Ein in die Jahre gekommenes Hotel am Schliersee soll abgerissen werden, ein neues gebaut. Seit Jahren streiten Bauherr und eine Gruppe von Bürgerinnen und Bürgern um das Projekt – mit zum Teil absurden Mitteln. Ein Besuch im Nachbartal.
Schliersee im Schneeregen ist eine mentale Herausforderung. Der Himmel hängt tief, die Stimmung ist sowieso im Ort auf dem Nullpunkt. Grund: Aktuell läuft ein Bürgerentscheid. Es geht um den Schlierseer Hof. Ein Hotel, das man, ohne den Besitzern etwas Böses zu wollen, als alten Schuppen bezeichnen kann. Wir besuchen die Hoteliers.

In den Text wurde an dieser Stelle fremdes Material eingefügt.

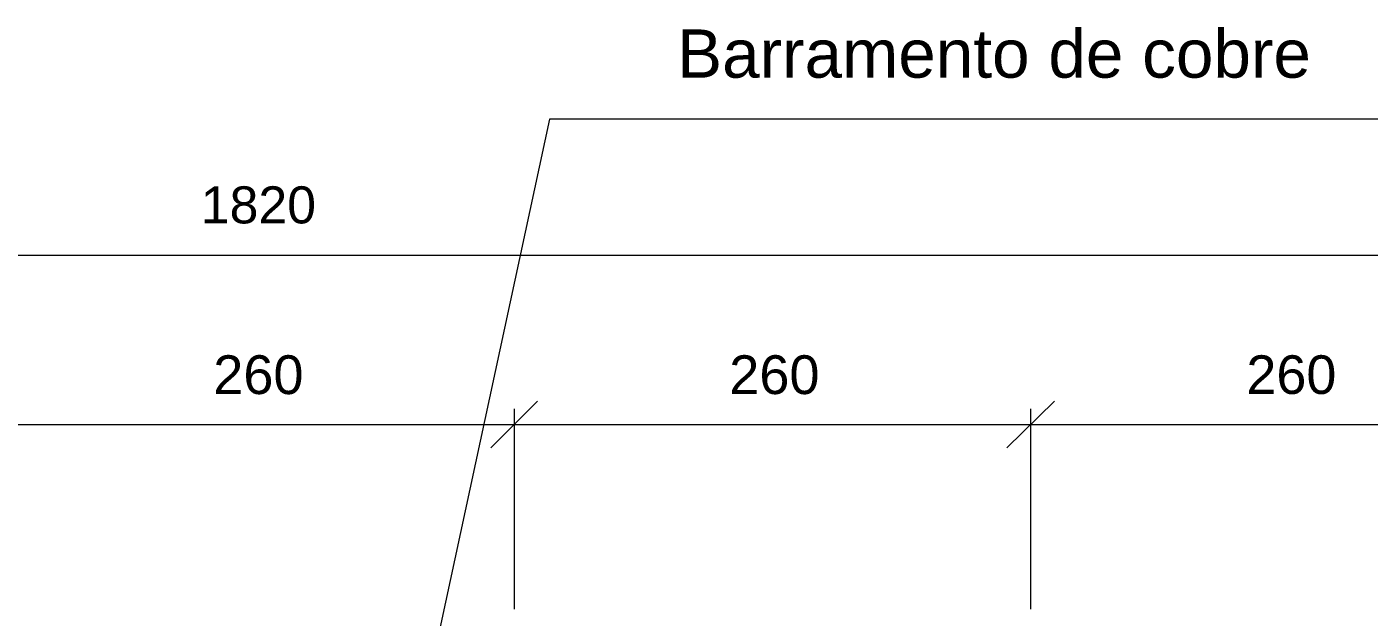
# Model space of a CAD drawing. Header units: millimetres. Extents: x 53 to 176, y -29 to 32.
# Drawn here: x 118.057 to 122.875, y -5.591 to -3.471 of the extents above; entities that cross this region are included whole.
import ezdxf

# ---------------------------------------------------------------- set-up
doc = ezdxf.new("R2010")
doc.units = ezdxf.units.MM
doc.layers.add('15 - Quadro de medição', color=6, linetype='Continuous')
doc.styles.add('Arial0', font='arial.ttf', dxfattribs={"height": 3.14658})

msp = doc.modelspace()

# ---------------------------------------------------------------- linework, layer by layer
at = {"layer": '15 - Quadro de medição', "color": 7, "linetype": 'Continuous', "lineweight": 20, "true_color": 0x000007}
msp.add_lwpolyline([(123.0937, -3.8026), (119.9328, -3.8026), (118.9705, -8.2722)], dxfattribs=at)
at = {"layer": '15 - Quadro de medição', "color": 8, "linetype": 'Continuous', "lineweight": 20, "true_color": 0x000008}
for points in [[(125.4221, -4.2929), (112.3387, -4.2929), (112.3387, -4.2929)], [(119.8895, -4.8152), (119.7219, -4.9829), (119.7219, -4.9829)], [(119.7219, -4.9829), (119.8895, -4.8152), (119.8895, -4.8152)], [(121.7458, -4.8152), (121.574, -4.9829), (121.574, -4.9829)], [(121.574, -4.9829), (121.7458, -4.8152), (121.7458, -4.8152)], [(119.8071, -5.5625), (119.8071, -4.8432), (119.8071, -4.8432)], [(119.8071, -5.5625), (119.8071, -4.8432), (119.8071, -4.8432)], [(121.6606, -5.5625), (121.6606, -4.8432), (121.6606, -4.8432)], [(121.6606, -5.5625), (121.6606, -4.8432), (121.6606, -4.8432)], [(119.8616, -4.9004), (117.8978, -4.9004), (117.8978, -4.9004)], [(121.7179, -4.9004), (119.7513, -4.9004), (119.7513, -4.9004)], [(123.57, -4.9004), (121.6034, -4.9004), (121.6034, -4.9004)]]:
    msp.add_lwpolyline(points, dxfattribs=at)

# ---------------------------------------------------------------- texts
at = {"layer": '15 - Quadro de medição', "color": 7, "true_color": 0x000007, "style": 'Arial0'}
for s, height, p in [('Barramento de cobre', 0.173381, (120.391, -3.654)), ('1820', 0.1331, (118.6813, -4.1773)), ('260', 0.13909, (118.726, -4.79)), ('260', 0.13909, (120.5781, -4.79)), ('260', 0.13861, (122.4344, -4.7896))]:
    msp.add_text(s, height=height, dxfattribs=at).set_placement(p)

doc.saveas('drawing.dxf')

Besuch bei der Hotel-Familie de Alwis
Sie sind herzlich, zuvorkommend und wirken sehr offen. Marcel de Alwis hat das drauf, der 25-jährige Hotelier-Sohn und die Zukunft des Hauses, führt eloquent und leichtfüßig durch die 70 Seiten Präsentation, die sie für Journalistinnen und Bürger vorbereitet haben. Neben ihm sitzt sein Vater mit einem verschmitzten sympathischen Lächeln. Der Vater im grauen Sakko, der Sohn im weißen. Kurz schaut auch Ute de Alwis herein, sie begrüßt uns herzlich, zieht sich dann aber zurück.
Von anderen Personen im Ort wissen wir, dass die Familie auch anders kann, impulsiv, zuweilen auch harsch auftritt, wenn das Narrativ der engagierten Unternehmerfamilie infrage gestellt wird. Heute trumpft das Wohlwollen.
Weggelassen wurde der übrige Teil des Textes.